Prof. Adali is a Fellow of the IEEE, AIMBE, and AAIA, a Fulbright Scholar, and an IEEE SPS Distinguished Lecturer. She is the recipient of SPS Meritorious Service Award, a Humboldt Research Award, an IEEE SPS Best Paper Award, SPIE Unsupervised Learning and ICA Pioneer Award, the University System of Maryland Regents' Award for Research, and an NSF CAREER Award. 


 

Prof. Sharon Gannot

Sharon Gannot received the BSc degree (summa cum laude) from the Technion-Israel Institute of Technology, Haifa, Israel, in 1986, and the MSc (cum laude) and PhD degrees from Tel-Aviv University, Tel Aviv, Israel, in 1995 and 2000, respectively, all in electrical engineering. In 2001, he held a Postdoctoral position with the Department of Electrical Engineering, KU Leuven, Leuven, Belgium. He is currently a Full Professor with the Faculty of Engineering, Bar-Ilan University, Israel, where he is heading the Acoustic Signal Processing Laboratory and  the Data Science Program. He also serves as the Faculty Vice Dean.

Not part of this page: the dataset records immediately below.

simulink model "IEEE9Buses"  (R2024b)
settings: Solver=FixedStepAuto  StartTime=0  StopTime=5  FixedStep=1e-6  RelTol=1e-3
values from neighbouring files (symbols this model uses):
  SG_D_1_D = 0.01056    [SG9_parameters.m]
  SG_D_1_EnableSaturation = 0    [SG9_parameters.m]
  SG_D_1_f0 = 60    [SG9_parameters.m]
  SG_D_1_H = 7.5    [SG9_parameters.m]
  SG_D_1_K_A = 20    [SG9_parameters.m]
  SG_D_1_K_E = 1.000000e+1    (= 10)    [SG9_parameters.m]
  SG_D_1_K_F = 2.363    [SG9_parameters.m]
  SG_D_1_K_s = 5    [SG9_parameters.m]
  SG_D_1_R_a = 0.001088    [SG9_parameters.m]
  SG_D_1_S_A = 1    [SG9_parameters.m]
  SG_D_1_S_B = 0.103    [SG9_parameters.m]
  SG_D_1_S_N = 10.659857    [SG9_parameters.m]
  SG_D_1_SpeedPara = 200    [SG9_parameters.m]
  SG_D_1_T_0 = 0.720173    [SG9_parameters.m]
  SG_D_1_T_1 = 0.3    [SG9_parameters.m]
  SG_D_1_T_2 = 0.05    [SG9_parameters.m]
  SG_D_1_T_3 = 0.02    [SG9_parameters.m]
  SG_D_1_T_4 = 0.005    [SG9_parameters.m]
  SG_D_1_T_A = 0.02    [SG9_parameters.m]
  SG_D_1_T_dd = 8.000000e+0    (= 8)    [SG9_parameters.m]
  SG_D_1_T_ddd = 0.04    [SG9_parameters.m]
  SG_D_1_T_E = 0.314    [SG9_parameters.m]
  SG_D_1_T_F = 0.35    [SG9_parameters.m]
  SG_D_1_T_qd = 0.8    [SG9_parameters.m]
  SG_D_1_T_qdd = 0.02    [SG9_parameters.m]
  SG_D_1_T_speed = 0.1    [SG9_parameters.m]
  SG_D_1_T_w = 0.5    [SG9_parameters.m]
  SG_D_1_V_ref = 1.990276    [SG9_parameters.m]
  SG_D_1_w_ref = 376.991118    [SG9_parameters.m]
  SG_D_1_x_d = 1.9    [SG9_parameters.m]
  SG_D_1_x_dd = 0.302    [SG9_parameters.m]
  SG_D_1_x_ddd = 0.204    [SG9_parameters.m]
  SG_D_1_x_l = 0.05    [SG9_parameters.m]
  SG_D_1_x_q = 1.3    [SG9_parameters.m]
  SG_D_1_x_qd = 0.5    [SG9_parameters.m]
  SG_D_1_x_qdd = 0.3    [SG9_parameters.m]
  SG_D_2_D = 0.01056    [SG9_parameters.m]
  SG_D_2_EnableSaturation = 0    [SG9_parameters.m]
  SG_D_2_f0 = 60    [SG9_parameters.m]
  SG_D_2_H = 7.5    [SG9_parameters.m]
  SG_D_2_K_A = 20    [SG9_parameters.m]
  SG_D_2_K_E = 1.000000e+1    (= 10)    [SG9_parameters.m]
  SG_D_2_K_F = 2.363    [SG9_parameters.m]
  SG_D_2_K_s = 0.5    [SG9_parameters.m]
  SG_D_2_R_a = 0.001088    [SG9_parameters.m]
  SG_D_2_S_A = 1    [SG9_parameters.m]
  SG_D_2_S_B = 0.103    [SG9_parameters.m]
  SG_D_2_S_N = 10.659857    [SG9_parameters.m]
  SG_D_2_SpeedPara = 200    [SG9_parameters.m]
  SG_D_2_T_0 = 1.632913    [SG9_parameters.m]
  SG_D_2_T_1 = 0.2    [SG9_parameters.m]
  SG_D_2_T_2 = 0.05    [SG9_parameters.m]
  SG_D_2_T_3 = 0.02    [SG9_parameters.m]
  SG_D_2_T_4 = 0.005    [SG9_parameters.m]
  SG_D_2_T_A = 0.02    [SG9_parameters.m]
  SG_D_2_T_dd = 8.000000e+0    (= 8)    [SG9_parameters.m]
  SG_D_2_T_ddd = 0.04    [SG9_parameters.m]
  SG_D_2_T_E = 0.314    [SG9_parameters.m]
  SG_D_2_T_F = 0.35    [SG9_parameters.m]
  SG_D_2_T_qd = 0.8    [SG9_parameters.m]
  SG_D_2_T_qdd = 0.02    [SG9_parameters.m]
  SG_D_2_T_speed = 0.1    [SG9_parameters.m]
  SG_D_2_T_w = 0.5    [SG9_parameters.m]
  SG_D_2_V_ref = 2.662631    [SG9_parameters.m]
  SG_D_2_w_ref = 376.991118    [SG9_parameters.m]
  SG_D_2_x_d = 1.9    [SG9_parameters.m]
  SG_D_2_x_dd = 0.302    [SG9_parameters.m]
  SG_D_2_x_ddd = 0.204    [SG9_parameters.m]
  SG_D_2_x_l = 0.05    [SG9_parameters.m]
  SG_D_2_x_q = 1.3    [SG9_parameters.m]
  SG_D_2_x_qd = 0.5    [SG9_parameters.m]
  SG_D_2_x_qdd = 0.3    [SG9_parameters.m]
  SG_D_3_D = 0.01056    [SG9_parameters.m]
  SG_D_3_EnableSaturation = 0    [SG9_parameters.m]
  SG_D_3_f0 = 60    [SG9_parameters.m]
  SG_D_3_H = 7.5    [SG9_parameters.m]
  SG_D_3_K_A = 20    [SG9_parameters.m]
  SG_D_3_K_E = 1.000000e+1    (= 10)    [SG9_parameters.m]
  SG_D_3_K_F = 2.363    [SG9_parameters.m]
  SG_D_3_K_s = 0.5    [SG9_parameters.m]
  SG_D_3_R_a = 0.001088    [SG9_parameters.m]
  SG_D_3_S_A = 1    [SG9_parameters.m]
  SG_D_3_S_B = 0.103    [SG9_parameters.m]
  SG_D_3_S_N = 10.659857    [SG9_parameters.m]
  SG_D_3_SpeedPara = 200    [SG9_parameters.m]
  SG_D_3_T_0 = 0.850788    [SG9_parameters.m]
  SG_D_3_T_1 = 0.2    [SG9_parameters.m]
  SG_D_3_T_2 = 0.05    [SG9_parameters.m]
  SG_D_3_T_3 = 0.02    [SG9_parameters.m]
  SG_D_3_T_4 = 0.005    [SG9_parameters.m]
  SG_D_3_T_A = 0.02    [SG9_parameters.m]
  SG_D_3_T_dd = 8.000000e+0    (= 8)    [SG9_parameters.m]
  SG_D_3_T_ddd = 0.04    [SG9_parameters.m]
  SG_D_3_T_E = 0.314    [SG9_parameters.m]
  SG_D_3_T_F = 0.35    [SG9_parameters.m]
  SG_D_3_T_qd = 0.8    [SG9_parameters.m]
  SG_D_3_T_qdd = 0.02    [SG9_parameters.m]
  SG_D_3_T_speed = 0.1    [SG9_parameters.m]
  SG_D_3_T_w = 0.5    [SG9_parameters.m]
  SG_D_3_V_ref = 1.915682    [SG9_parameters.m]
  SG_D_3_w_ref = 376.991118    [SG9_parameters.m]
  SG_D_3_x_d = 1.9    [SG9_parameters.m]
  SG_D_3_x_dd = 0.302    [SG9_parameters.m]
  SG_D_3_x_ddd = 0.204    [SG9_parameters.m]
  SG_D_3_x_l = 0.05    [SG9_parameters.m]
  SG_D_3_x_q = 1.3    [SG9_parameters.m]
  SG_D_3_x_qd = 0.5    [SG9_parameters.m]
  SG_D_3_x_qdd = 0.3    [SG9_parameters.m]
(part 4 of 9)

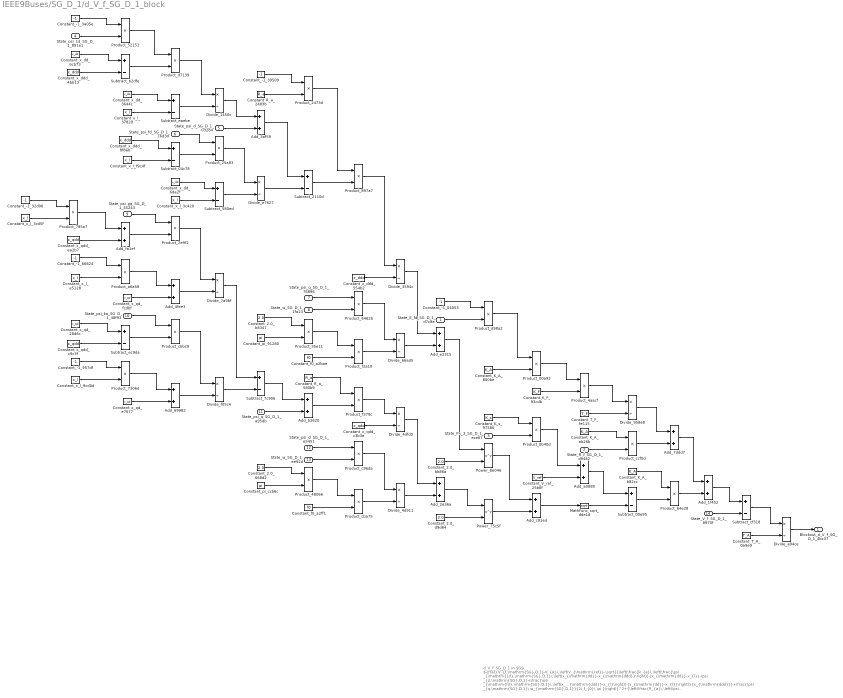
== system IEEE9Buses/SG_D_1/d_V_f_SG_D_1_block ==
  note: d_V_f_SG_D_1 in SG9
      | $-\frac{V_{f,\mathrm{SG},D,1}-K_{A}\,\left(V_{\mathrm{ref}}-\sqrt{{\left(\frac{R_{a}\,\left(\frac{\psi _{\mathrm{1d},\mathrm{SG},D,1}\,\left(x_{\mathrm{dd}}-x_{\mathrm{ddd}}\right)}{x_{\mathrm{dd}}-x_{l}}-\psi _{d,\mathrm{SG},D,1}+\frac{\psi _{\mathrm{fd},\mathrm{SG},D,1}\,\left(x_{\mathrm{ddd}}-x_{l}\right)}{x_{\mathrm{dd}}-x_{l}}\right)}{x_{\mathrm{ddd}}}+\frac{\psi _{q,\mathrm{SG},D,1}\,w_{\mathrm{SG},D,1}}{2\,f_{0}\,\pi }\right)}^2+{\left(\frac{R_{a}\,\left(\psi _{q,\mathrm{SG},D,1}+\frac{\psi _{\mathrm{gq},\mathrm{SG},D,1}\,\left(x_{l}-x_{\mathrm{qdd}}\right)}{x_{l}-x_{\mathrm{qd}}}+\frac{\psi _{\mathrm{kq},\mathrm{SG},D,1}\,\left(x_{\mathrm{qd}}-x_{\mathrm{qdd}}\right)}{x_{l}-x_{\mathrm{qd}}}\right)}{x_{\mathrm{qdd}}}+\frac{\psi _{d,\mathrm{SG},D,1}\,w_{\mathrm{SG},D,1}}{2\,f_{0}\,\pi }\right)}^2}+K_{s}\,\mathrm{Px}_{3,\mathrm{SG},D,1}\right)-K_{A}\,R_{f,\mathrm{SG},D,1}+\frac{E_{\mathrm{fd},\mathrm{SG},D,1}\,K_{A}\,K_{F}}{T_{F}}}{T_{A}}$
      | Automatically generated on 2025-09-12 21:31:27 .
  State_E_fd_SG_D_1_d7c8e : Inport
  State_R_f_SG_D_1_d9482 : Inport  Port=2
  State_Px_3_SG_D_1_ece67 : Inport  Port=3
  State_psi_1d_SG_D_1_891e1 : Inport  Port=4
  State_psi_d_SG_D_1_03284 : Inport  Port=5
  State_psi_fd_SG_D_1_16d3d : Inport  Port=6
  State_psi_q_SG_D_1_76896 : Inport  Port=7
  State_w_SG_D_1_1fa23 : Inport  Port=8
  State_psi_gq_SG_D_1_45243 : Inport  Port=9
  State_psi_kq_SG_D_1_48f93 : Inport  Port=10
  State_psi_q_SG_D_1_a95db : Inport  Port=11
  State_psi_d_SG_D_1_e5451 : Inport  Port=12
  State_w_SG_D_1_ee92d : Inport  Port=13
  State_V_f_SG_D_1_8970f : Inport  Port=14
  Add_1f452 : Sum
  Add_2e36a : Sum
  Add_3af59 : Sum
  Add_4fee3 : Sum
  Add_69982 : Sum
  Add_7ddd7 : Sum
  Add_a0880 : Sum
  Add_b2620 : Sum
  Add_c91ed : Sum
  Add_e2315 : Sum
  Add_fa1ef : Sum
  Constant_-1_04053 : Constant  Value=-1
  Constant_-1_32d06 : Constant  Value=-1
  Constant_-1_39509 : Constant  Value=-1
  Constant_-1_3a05e : Constant  Value=-1
  Constant_-1_66824 : Constant  Value=-1
  Constant_-1_957df : Constant  Value=-1
  Constant_2.0_668d2 : Constant  Value=2.0
  Constant_2.0_b8347 : Constant  Value=2.0
  Constant_2.0_bb86a : Constant  Value=2.0
  Constant_2.0_d9d64 : Constant  Value=2.0
  Constant_K_A_800be : Constant  Value=K_A
  Constant_K_A_ab26b : Constant  Value=K_A
  Constant_K_A_b82cc : Constant  Value=K_A
  Constant_K_F_93cdb : Constant  Value=K_F
  Constant_K_s_97580 : Constant  Value=K_s
  Constant_R_a_2483b : Constant  Value=R_a
  Constant_R_a_580b9 : Constant  Value=R_a
  Constant_T_A_0a9e9 : Constant  Value=T_A
  Constant_T_F_fe115 : Constant  Value=T_F
  Constant_V_ref_25b6f : Constant  Value=V_ref
  Constant_f0_a2bae : Constant  Value=f0
  Constant_f0_a2ff1 : Constant  Value=f0
  Constant_pi_91280 : Constant  Value=pi
  Constant_pi_ccb6c : Constant  Value=pi
  Constant_x_dd_3644c : Constant  Value=x_dd
  Constant_x_dd_6cb73 : Constant  Value=x_dd
  Constant_x_dd_6da2f : Constant  Value=x_dd
  Constant_x_ddd_4bb13 : Constant  Value=x_ddd
  Constant_x_ddd_554b2 : Constant  Value=x_ddd
  Constant_x_ddd_8f8ab : Constant  Value=x_ddd
  Constant_x_l_3782d : Constant  Value=x_l
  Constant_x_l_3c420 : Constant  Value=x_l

Dr. Gannot took many editorial responsibilities, including Senior Area Chair for the IEEE Transactions on Audio, Speech, and Language Processing, 2013–2017 and since 2020, a member of the Senior Editorial Board of  IEEE SP Magazine since 2021and a member of the SPS Education Center Editorial Board. He served as the Chair of the Audio and Acoustic Signal Processing (AASP) technical committee of the IEEE SPS, 2017-2018. Currently, he is the chair of the Data Science Initiative of IEEE SPS. He was the General Co-Chair of IWAENC 2010 and of the IEEE Workshop on Applications of Signal Processing to Audio and Acoustics (WASPAA), 2013. He was selected to present tutorials and keynote addresses in many of the leading conferences in the field. 


He is a co-recipient of thirteen best paper awards, including IEEE SP Letters and ICASSP, and a recipient of The 2022 EURASIP Group Technical Achievement Award. He is an IEEE Fellow for contributions to acoustical modelling and statistical learning in speech enhancement.

 

Prof. Borbála (Bori) Hunyadi

Borbála (Bori) Hunyadi received an MSc degree in electrical and computer engineering from the Pázmány Péter Catholic University, Budapest in 2009. In the same year she joined Stadius, Department of Electrical Engineering at KU Leuven, where she worked in close collaboration with the Laboratory for Epilepsy Research, and obtained her PhD degree in 2014. She continued working in Stadius as a postdoctoral researcher on the ERC advanced grant Biotensors for EEG-fMRI fusion, and served as the research lead on the Imec-ICON project SeizeIT developing a multimodal wearable seizure detector. In 2018 she was awarded one of the “Delft Technology Fellowships” for outstanding female academic researchers and joined the Circuits and Systems (now Signal Processing Systems) group at TU Delft as an assistant professor. She is co-director of the Delft Tensor AI Lab (DeTAIL).


Her research interests include signal processing and machine learning for biomedical pattern recognition. More specifically, she is interested in multimodal signal processing and fusion, blind source separation, tensor decompositions and wearable signal processing to better understand healthy and pathological physiology. In particular, she is leading projects on ECG, EEG and (functional) ultrasound signal processing for a variety of applications, with a special focus on neuroscience research.


She is the secretary of the IEEE EMBC Benelux chapter and vice-chair of the EURASIP technical area committee on biomedical signal and image processing.